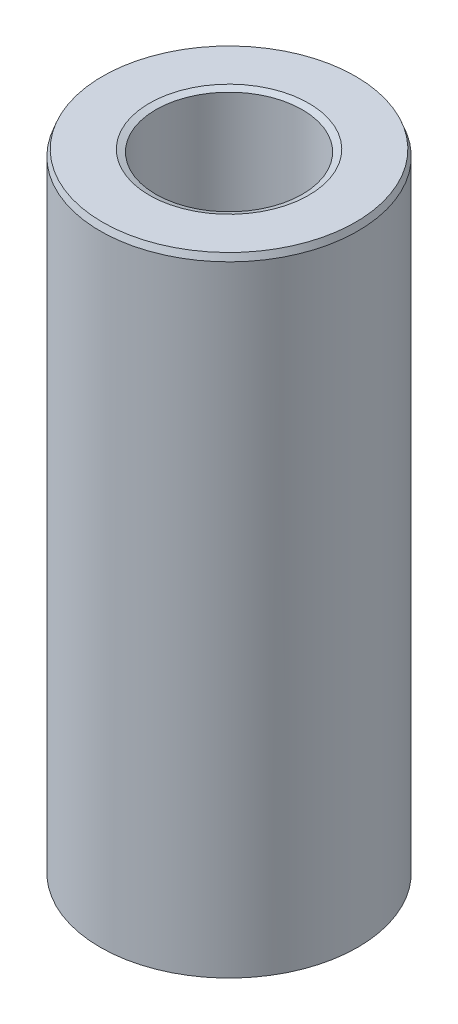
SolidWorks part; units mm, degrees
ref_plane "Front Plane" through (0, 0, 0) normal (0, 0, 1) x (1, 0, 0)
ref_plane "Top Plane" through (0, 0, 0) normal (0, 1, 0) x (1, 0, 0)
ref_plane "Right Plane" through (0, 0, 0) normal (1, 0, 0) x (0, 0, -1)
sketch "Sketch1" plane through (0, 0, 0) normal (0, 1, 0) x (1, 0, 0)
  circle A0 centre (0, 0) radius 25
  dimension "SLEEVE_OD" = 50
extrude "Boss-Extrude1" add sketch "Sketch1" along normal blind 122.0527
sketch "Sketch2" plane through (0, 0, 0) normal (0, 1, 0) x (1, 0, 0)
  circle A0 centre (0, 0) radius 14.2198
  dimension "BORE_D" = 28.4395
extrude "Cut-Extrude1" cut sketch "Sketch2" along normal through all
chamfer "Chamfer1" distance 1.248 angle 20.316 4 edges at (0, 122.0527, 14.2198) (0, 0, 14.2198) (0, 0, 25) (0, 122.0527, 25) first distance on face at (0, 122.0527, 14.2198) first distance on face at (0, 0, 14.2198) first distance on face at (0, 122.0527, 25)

§ About this exercise: Filter the records down to the lines containing the word "normal", and copy those.

§ Solution below:
ref_plane "Front Plane" through (0, 0, 0) normal (0, 0, 1) x (1, 0, 0)
ref_plane "Top Plane" through (0, 0, 0) normal (0, 1, 0) x (1, 0, 0)
ref_plane "Right Plane" through (0, 0, 0) normal (1, 0, 0) x (0, 0, -1)
sketch "Sketch1" plane through (0, 0, 0) normal (0, 1, 0) x (1, 0, 0)
extrude "Boss-Extrude1" add sketch "Sketch1" along normal blind 122.0527
sketch "Sketch2" plane through (0, 0, 0) normal (0, 1, 0) x (1, 0, 0)
extrude "Cut-Extrude1" cut sketch "Sketch2" along normal through all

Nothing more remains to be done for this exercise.